From the data below, return only the lines from the one with "## KiCad design" through the one with "[picture b1s1b: schematic", exact and inclusive, with pictures left out.
(Exercise data begins)
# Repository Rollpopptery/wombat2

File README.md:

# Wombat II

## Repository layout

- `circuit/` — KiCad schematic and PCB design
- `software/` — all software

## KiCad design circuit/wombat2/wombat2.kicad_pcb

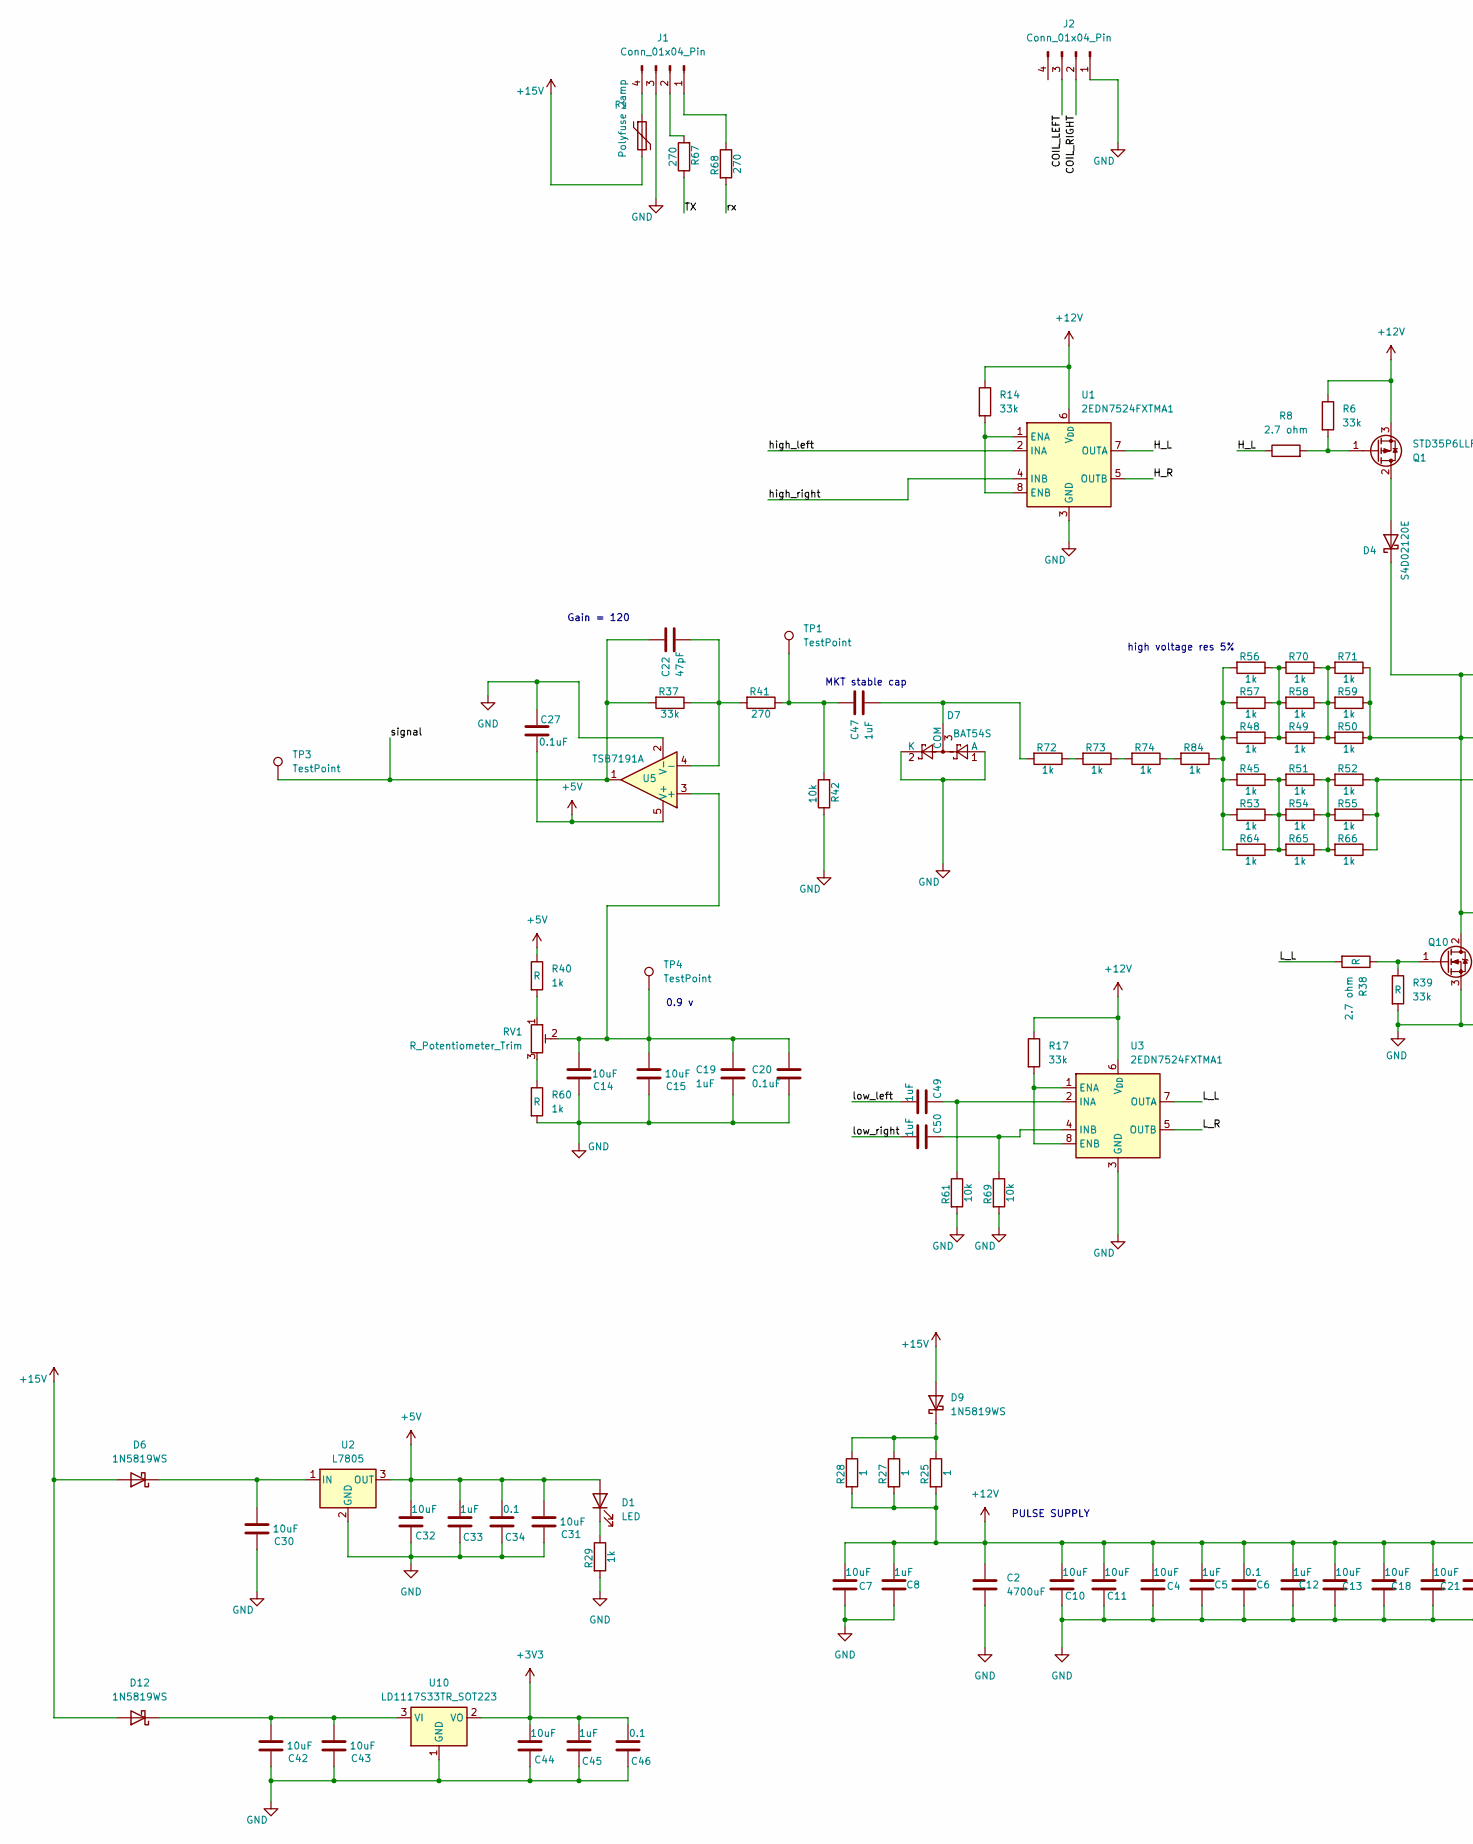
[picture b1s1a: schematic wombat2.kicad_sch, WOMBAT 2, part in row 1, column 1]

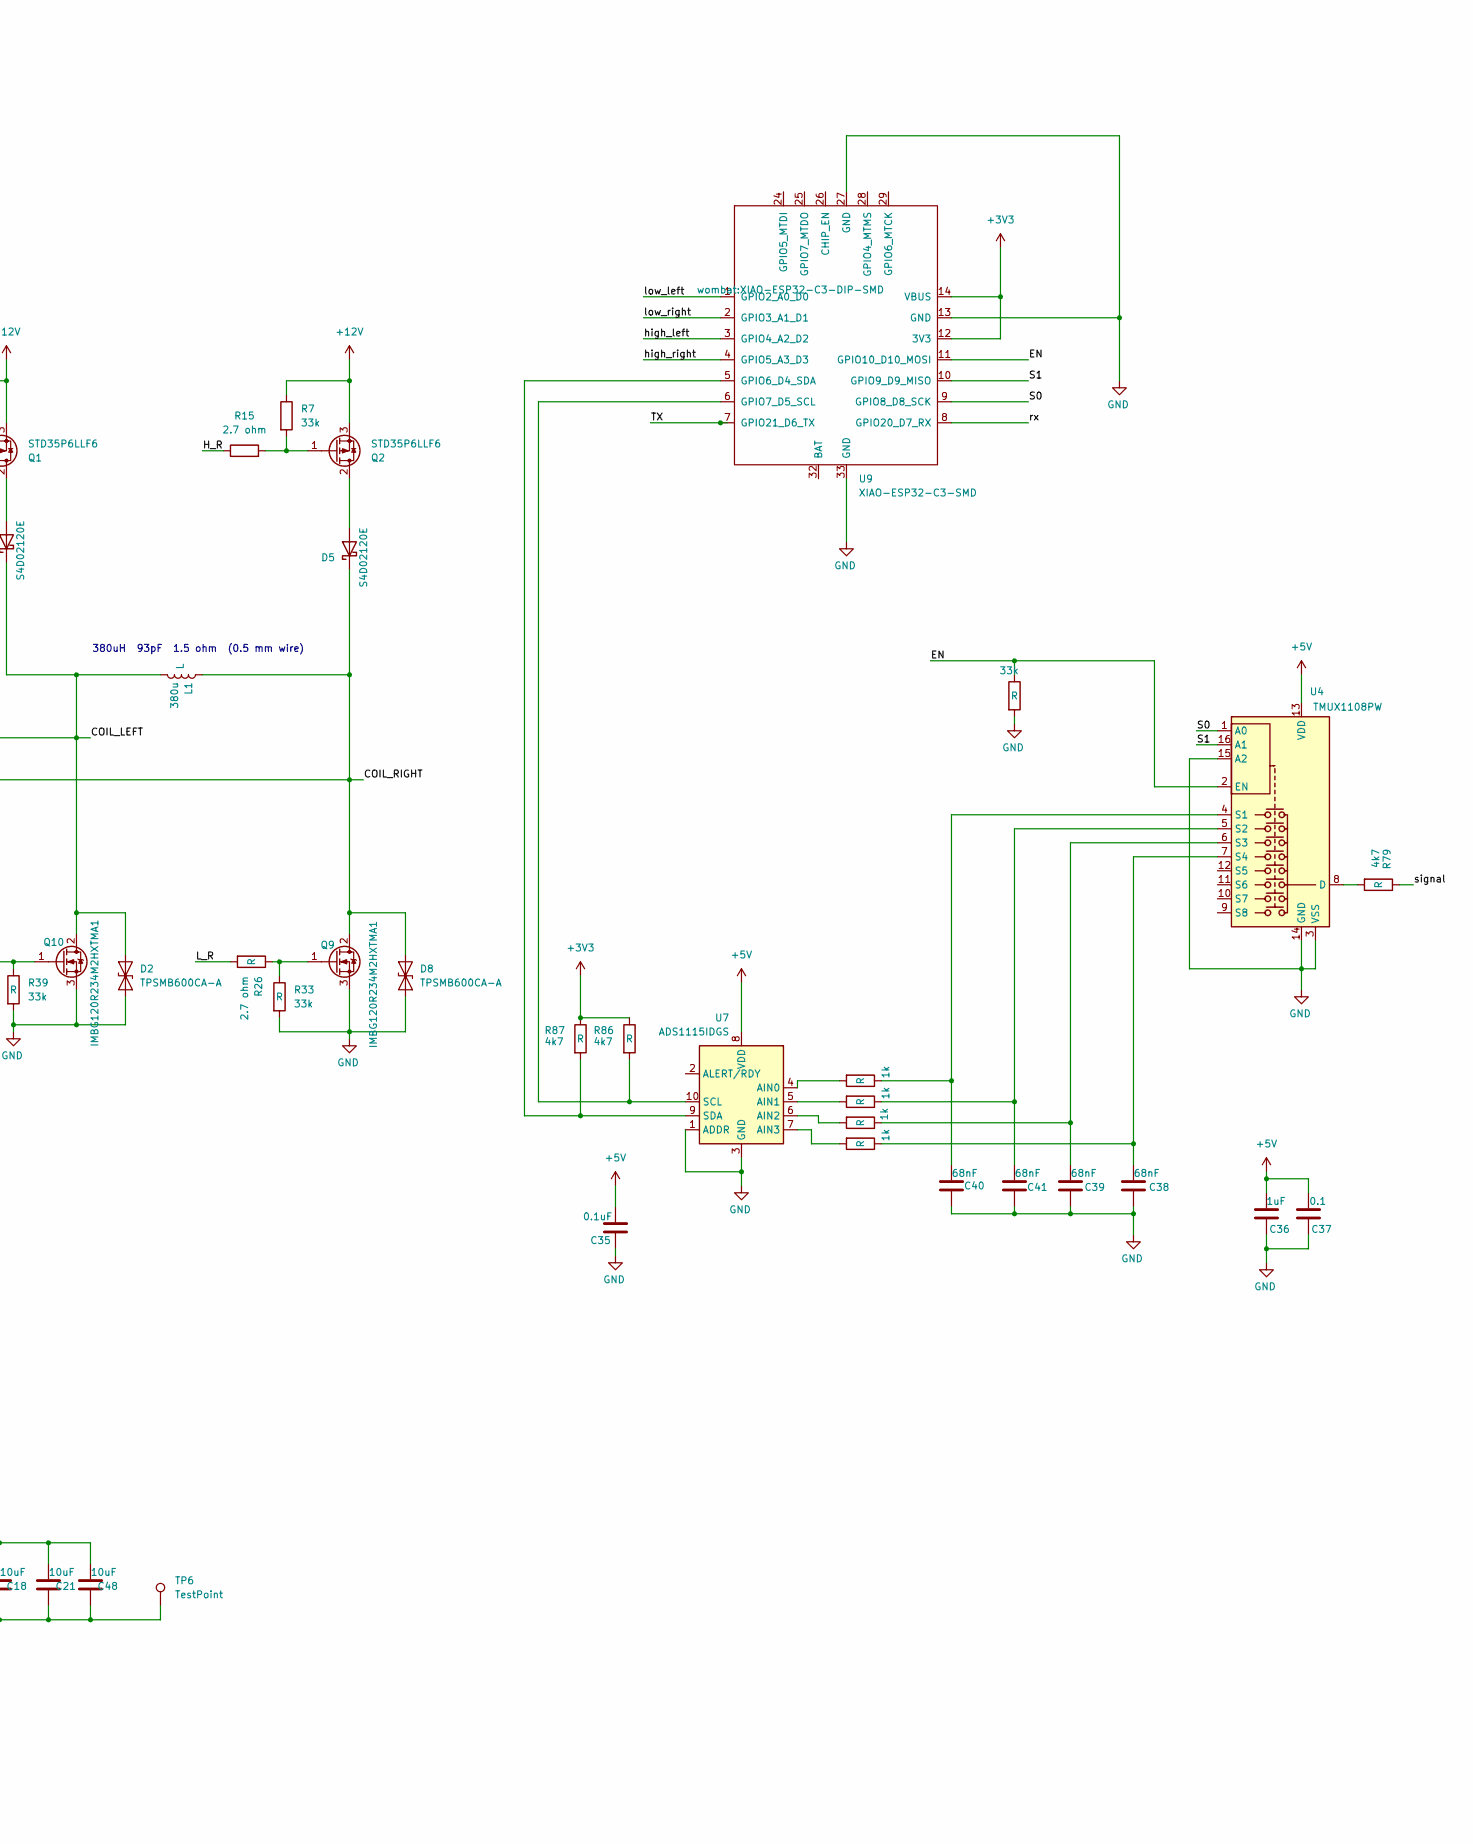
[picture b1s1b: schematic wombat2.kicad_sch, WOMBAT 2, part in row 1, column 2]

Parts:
C2: 4700uF; C_Radial_D16.0mm_H25.0mm_P7.50mm
C4, C7, C10, C11, C13, C15, C18, C21, C30, C31, C32, C42, C43, C44, C48: 10uF; C_1206_3216Metric_Pad1.33x1.80mm_HandSolder
C5, C8, C12, C19, C33, C36, C45, C49, C50: 1uF; C_0805_2012Metric
C6, C34, C37, C46: 0.1; C_0805_2012Metric
C14: 10uF; C_1206_3216Metric
C20, C27: 0.1uF; LED_0805_2012Metric
C22: 47pF; LED_0805_2012Metric
C35: 0.1uF
C38, C39, C40, C41: 68nF; C_Rect_L9.0mm_W5.1mm_P7.50mm_MKT
C47: 1uF; C_Rect_L10.3mm_W5.0mm_P7.50mm_MKS4
D1: LED; LED_0805_2012Metric_Pad1.15x1.40mm_HandSolder
D2, D8: TPSMB600CA-A; D_SMA
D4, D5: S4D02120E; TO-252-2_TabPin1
(Exercise data ends)
■ **Completed task**:
## KiCad design circuit/wombat2/wombat2.kicad_pcb

[picture b1s1a: schematic wombat2.kicad_sch, WOMBAT 2, part in row 1, column 1]

[picture b1s1b: schematic wombat2.kicad_sch, WOMBAT 2, part in row 1, column 2]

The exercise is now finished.